Input
____________

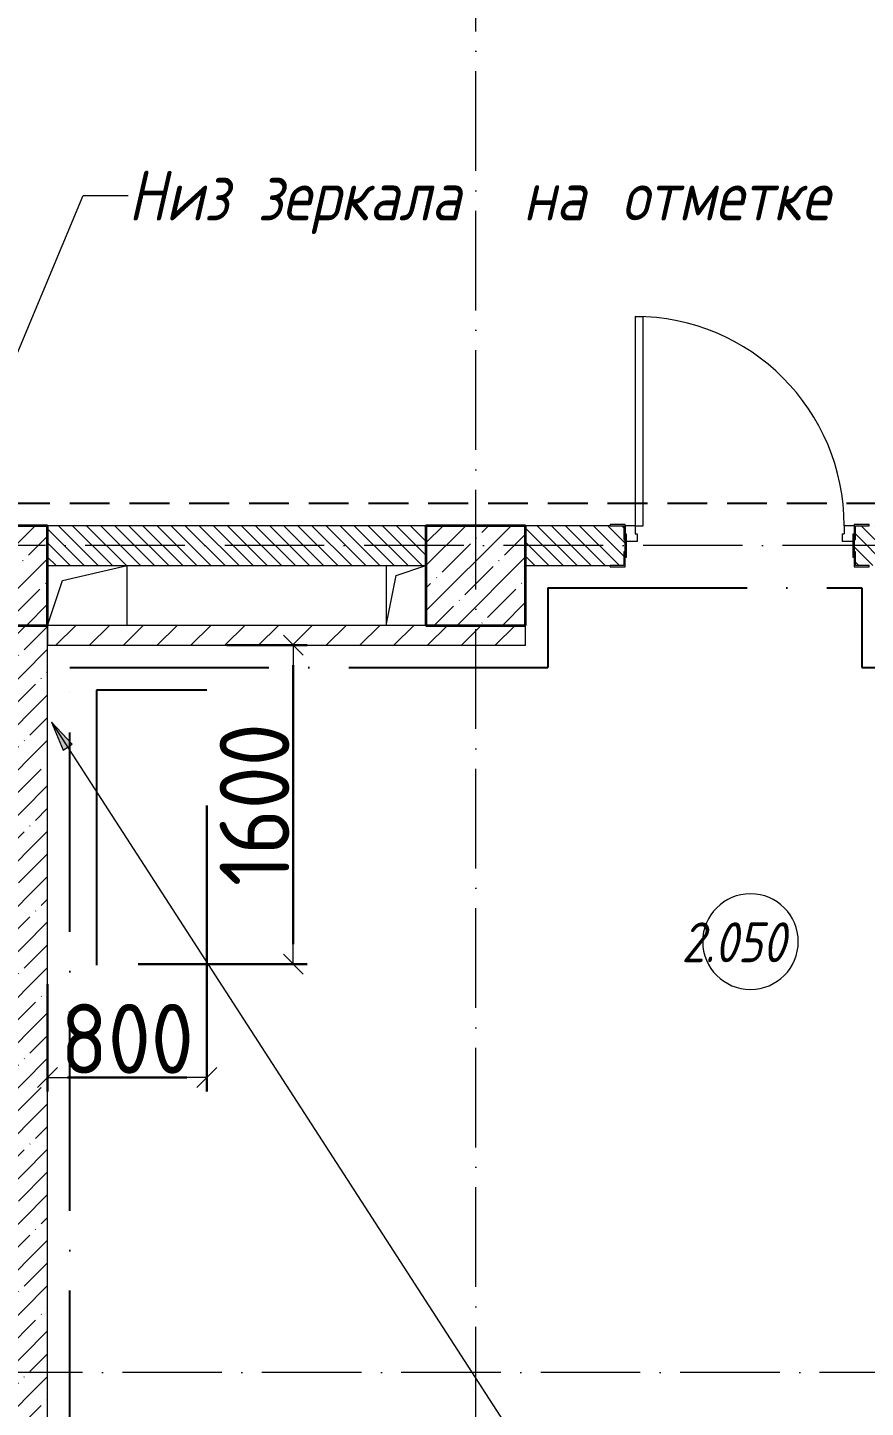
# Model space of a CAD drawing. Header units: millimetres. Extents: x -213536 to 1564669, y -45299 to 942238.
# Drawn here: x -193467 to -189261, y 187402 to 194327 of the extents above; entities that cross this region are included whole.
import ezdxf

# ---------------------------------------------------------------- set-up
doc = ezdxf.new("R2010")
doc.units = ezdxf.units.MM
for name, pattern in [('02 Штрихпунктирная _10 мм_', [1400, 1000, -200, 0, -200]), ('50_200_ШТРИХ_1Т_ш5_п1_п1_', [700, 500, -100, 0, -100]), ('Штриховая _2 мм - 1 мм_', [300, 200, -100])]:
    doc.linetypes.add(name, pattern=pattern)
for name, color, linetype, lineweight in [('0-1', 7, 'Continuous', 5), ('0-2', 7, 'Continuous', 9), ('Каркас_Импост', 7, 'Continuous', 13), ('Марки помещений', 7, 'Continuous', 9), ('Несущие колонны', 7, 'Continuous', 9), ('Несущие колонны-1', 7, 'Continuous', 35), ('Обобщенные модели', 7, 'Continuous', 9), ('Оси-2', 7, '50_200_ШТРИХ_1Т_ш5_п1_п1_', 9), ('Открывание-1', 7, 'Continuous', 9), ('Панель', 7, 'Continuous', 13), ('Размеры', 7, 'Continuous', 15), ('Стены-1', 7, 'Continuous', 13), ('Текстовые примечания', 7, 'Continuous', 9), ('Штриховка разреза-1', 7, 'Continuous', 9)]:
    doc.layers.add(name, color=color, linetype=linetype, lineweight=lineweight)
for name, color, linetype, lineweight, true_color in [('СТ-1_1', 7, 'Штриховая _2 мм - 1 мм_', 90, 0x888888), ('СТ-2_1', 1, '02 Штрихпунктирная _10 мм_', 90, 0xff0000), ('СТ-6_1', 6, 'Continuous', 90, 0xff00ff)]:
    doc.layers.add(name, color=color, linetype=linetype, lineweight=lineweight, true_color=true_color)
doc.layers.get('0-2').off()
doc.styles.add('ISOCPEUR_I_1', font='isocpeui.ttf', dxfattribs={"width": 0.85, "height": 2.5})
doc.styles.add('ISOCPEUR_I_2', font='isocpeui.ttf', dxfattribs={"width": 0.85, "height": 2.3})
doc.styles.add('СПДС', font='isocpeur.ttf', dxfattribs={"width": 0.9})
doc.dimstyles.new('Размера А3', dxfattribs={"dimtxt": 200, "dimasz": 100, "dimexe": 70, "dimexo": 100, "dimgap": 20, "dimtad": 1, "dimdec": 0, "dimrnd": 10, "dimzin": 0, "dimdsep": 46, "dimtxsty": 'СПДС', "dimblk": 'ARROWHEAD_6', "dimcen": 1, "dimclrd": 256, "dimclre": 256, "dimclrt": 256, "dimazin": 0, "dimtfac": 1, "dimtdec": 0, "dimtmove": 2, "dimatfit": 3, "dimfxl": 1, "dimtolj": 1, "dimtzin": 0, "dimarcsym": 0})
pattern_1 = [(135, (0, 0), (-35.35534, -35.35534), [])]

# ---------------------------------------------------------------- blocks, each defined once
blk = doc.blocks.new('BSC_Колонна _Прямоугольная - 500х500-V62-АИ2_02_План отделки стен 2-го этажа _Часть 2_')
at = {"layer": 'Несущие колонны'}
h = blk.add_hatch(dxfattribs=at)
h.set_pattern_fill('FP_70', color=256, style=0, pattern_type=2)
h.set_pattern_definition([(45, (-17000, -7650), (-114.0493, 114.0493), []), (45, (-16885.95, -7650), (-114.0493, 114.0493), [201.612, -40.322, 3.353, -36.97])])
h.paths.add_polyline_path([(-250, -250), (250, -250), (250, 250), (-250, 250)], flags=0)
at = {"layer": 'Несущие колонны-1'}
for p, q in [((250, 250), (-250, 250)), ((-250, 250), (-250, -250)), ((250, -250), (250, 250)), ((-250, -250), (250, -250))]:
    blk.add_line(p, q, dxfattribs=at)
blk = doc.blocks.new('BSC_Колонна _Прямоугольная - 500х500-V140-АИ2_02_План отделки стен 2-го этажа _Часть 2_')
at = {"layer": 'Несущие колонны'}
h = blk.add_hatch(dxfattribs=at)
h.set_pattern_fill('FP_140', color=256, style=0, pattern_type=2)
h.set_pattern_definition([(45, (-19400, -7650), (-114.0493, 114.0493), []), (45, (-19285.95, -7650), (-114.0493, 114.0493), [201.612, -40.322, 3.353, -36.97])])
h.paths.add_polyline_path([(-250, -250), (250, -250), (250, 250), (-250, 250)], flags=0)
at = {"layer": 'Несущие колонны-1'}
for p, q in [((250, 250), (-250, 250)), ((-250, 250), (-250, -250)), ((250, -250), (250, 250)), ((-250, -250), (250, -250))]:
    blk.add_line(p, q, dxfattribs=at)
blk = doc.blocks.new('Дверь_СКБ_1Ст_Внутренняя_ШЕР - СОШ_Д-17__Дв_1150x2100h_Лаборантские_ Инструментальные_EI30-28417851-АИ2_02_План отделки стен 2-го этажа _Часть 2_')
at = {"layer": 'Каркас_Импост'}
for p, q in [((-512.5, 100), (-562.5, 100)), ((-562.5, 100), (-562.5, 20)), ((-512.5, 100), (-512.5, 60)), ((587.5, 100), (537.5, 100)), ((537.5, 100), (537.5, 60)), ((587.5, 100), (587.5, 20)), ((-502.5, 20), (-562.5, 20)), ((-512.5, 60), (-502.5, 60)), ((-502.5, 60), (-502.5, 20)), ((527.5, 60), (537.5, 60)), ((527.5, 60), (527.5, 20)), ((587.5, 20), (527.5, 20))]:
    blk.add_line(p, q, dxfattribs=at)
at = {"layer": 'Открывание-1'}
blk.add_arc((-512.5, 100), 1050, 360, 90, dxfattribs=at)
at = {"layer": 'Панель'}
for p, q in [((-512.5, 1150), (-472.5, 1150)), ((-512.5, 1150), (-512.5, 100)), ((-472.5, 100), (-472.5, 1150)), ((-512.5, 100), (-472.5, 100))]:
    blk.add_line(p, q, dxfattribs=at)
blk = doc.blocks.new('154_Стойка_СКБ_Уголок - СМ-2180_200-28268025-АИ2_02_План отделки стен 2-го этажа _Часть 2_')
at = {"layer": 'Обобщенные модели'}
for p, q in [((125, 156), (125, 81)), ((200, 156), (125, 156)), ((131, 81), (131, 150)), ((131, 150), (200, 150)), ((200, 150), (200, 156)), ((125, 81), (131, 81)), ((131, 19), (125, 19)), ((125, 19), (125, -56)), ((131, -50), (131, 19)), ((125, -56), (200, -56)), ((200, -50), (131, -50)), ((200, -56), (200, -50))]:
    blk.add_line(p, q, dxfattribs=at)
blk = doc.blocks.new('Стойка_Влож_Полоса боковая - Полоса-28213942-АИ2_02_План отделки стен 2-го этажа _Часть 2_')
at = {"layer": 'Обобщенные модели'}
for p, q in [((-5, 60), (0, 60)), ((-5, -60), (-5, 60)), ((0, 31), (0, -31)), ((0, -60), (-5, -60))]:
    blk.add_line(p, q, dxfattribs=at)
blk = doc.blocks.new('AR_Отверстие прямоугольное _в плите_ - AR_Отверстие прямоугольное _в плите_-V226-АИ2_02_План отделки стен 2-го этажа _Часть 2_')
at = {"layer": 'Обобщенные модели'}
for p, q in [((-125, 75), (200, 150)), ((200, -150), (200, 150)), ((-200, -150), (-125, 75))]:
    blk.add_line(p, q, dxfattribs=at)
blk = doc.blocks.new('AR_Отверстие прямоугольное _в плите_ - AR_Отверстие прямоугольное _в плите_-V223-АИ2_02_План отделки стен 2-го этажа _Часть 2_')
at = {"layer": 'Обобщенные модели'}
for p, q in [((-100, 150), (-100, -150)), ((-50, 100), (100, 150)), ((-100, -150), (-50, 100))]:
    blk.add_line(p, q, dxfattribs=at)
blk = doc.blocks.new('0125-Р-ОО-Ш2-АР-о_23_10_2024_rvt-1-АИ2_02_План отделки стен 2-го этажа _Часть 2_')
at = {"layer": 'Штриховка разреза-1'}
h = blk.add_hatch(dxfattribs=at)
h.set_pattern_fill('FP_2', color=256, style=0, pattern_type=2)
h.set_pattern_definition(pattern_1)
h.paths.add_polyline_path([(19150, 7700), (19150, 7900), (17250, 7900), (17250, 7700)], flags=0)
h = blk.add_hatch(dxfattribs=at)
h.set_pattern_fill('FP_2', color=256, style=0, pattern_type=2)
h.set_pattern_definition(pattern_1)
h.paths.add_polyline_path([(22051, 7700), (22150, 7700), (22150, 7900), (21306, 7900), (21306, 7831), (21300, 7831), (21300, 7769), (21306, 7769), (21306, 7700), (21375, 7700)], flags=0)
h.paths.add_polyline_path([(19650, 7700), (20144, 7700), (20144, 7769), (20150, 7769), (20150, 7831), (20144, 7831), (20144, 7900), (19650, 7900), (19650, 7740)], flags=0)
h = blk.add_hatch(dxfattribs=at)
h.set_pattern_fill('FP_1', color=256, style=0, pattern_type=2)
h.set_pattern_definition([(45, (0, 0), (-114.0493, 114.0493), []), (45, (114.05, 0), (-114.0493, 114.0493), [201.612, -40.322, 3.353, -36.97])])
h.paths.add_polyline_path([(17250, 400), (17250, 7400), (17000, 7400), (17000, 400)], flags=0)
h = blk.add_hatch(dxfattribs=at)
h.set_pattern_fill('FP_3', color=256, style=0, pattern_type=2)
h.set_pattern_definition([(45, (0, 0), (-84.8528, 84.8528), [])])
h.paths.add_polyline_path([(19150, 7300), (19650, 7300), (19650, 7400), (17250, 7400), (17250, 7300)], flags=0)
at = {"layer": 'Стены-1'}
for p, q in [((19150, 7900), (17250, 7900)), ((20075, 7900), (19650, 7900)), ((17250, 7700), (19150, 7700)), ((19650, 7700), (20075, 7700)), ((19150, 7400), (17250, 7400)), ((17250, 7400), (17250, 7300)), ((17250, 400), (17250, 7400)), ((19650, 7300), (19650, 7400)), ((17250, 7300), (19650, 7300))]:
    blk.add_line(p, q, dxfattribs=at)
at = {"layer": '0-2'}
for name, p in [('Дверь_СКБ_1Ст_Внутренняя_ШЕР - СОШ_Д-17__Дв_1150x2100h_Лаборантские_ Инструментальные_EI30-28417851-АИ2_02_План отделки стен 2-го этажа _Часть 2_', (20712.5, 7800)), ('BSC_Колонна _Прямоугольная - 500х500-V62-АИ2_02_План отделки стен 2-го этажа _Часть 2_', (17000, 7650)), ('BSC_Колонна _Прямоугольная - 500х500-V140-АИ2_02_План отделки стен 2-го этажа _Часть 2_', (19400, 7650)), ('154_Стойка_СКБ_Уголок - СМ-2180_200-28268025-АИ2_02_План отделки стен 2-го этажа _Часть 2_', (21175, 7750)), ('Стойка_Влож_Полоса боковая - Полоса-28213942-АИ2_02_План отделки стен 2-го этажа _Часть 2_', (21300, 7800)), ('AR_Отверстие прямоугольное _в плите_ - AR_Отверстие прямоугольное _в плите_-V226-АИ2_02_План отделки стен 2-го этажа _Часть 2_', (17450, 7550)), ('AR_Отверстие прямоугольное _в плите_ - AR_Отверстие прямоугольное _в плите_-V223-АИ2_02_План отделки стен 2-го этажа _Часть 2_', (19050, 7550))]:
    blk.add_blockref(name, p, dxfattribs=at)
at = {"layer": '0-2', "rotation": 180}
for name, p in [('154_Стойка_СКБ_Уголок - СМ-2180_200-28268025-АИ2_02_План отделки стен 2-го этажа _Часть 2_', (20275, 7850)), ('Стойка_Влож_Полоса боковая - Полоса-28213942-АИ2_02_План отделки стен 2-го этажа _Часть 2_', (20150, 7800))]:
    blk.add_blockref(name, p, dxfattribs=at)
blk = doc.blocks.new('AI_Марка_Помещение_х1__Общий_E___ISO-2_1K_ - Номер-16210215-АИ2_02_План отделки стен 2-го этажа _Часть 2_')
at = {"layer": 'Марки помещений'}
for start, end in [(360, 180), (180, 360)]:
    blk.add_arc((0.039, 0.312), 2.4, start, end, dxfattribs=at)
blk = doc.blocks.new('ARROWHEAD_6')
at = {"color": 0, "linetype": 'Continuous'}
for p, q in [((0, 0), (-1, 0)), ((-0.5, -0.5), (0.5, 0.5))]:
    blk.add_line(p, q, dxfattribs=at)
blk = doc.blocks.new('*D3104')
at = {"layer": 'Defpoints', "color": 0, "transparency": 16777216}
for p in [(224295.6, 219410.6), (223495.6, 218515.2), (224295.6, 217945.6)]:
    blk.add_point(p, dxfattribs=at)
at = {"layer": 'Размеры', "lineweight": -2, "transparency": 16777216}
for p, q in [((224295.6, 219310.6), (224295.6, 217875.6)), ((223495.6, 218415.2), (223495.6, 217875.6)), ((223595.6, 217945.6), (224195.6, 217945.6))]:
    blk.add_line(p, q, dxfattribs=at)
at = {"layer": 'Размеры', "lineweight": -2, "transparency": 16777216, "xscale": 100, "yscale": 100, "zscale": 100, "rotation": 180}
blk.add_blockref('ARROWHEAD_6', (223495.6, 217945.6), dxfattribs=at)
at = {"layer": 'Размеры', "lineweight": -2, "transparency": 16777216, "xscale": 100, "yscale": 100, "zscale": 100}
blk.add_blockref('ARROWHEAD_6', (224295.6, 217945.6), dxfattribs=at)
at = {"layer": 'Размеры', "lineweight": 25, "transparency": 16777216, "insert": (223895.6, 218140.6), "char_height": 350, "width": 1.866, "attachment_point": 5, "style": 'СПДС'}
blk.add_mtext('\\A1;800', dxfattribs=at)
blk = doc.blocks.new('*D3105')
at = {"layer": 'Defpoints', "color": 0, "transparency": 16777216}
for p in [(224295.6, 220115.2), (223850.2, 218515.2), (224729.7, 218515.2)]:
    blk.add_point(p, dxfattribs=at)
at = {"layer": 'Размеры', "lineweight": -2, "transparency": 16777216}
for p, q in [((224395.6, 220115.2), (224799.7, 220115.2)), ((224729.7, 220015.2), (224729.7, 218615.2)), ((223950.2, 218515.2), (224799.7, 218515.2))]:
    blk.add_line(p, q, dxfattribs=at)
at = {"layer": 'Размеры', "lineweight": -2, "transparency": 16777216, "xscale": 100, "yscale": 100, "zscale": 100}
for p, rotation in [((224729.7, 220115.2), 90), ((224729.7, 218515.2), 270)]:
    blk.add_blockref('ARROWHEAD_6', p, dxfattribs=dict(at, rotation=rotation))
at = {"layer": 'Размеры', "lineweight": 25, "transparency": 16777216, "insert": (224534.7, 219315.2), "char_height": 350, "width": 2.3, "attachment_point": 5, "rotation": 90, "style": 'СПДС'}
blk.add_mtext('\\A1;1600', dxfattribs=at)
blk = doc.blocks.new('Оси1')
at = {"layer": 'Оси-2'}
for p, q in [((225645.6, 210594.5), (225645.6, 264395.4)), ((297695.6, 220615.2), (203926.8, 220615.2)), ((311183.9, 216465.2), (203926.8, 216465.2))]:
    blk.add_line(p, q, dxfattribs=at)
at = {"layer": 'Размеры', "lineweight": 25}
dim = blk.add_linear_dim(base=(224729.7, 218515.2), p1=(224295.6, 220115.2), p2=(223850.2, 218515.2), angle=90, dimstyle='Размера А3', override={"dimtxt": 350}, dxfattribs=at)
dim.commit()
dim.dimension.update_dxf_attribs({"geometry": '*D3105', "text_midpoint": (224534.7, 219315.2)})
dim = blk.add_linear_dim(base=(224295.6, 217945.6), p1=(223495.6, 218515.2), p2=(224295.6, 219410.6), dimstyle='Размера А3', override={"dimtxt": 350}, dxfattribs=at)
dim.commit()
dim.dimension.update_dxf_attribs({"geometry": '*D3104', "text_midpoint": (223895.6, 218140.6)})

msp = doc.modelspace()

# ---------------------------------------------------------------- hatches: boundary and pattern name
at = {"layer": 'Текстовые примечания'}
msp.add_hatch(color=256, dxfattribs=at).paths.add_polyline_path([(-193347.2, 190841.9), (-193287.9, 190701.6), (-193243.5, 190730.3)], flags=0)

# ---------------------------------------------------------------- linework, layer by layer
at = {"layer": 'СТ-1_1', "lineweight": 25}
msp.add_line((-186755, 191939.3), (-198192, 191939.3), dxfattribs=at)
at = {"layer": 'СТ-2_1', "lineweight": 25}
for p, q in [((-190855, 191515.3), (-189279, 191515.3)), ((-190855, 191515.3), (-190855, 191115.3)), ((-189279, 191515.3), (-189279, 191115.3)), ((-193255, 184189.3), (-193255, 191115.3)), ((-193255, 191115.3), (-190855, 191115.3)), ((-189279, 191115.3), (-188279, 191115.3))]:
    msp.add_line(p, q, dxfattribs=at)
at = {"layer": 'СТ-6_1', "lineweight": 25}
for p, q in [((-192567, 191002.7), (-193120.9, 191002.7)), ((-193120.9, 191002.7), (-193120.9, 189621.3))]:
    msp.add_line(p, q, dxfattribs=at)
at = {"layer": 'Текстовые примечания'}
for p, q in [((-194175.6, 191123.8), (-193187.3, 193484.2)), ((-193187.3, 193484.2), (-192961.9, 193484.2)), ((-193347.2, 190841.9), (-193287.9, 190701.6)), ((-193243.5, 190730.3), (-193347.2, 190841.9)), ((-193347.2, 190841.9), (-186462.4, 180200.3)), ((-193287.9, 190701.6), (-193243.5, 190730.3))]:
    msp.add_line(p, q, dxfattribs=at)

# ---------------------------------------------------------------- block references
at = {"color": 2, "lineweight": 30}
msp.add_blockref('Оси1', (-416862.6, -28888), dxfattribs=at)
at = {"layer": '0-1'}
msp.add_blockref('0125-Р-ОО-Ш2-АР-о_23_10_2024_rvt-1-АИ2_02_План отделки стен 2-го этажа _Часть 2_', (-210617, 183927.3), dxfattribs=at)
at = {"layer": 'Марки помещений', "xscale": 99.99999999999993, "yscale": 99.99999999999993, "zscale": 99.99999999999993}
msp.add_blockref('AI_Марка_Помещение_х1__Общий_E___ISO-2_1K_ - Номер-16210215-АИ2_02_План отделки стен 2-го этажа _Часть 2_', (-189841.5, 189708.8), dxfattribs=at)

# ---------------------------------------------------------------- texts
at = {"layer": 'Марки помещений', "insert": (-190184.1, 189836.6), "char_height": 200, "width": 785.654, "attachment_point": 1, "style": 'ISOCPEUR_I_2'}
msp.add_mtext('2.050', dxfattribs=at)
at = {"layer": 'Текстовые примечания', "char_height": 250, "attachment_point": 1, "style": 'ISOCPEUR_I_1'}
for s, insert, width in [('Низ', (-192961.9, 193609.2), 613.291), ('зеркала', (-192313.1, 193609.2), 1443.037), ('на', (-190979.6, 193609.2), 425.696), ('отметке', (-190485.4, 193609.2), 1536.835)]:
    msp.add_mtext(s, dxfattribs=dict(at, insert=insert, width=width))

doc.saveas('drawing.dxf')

____________

What is needed
Above are the entries. Copy exactly the part that opens with the line containing "for name, pattern" and closes with the line containing "color=color, linetype=linetype, lineweight=lineweight)", and no more.

Exercise result
for name, pattern in [('02 Штрихпунктирная _10 мм_', [1400, 1000, -200, 0, -200]), ('50_200_ШТРИХ_1Т_ш5_п1_п1_', [700, 500, -100, 0, -100]), ('Штриховая _2 мм - 1 мм_', [300, 200, -100])]:
    doc.linetypes.add(name, pattern=pattern)
for name, color, linetype, lineweight in [('0-1', 7, 'Continuous', 5), ('0-2', 7, 'Continuous', 9), ('Каркас_Импост', 7, 'Continuous', 13), ('Марки помещений', 7, 'Continuous', 9), ('Несущие колонны', 7, 'Continuous', 9), ('Несущие колонны-1', 7, 'Continuous', 35), ('Обобщенные модели', 7, 'Continuous', 9), ('Оси-2', 7, '50_200_ШТРИХ_1Т_ш5_п1_п1_', 9), ('Открывание-1', 7, 'Continuous', 9), ('Панель', 7, 'Continuous', 13), ('Размеры', 7, 'Continuous', 15), ('Стены-1', 7, 'Continuous', 13), ('Текстовые примечания', 7, 'Continuous', 9), ('Штриховка разреза-1', 7, 'Continuous', 9)]:
    doc.layers.add(name, color=color, linetype=linetype, lineweight=lineweight)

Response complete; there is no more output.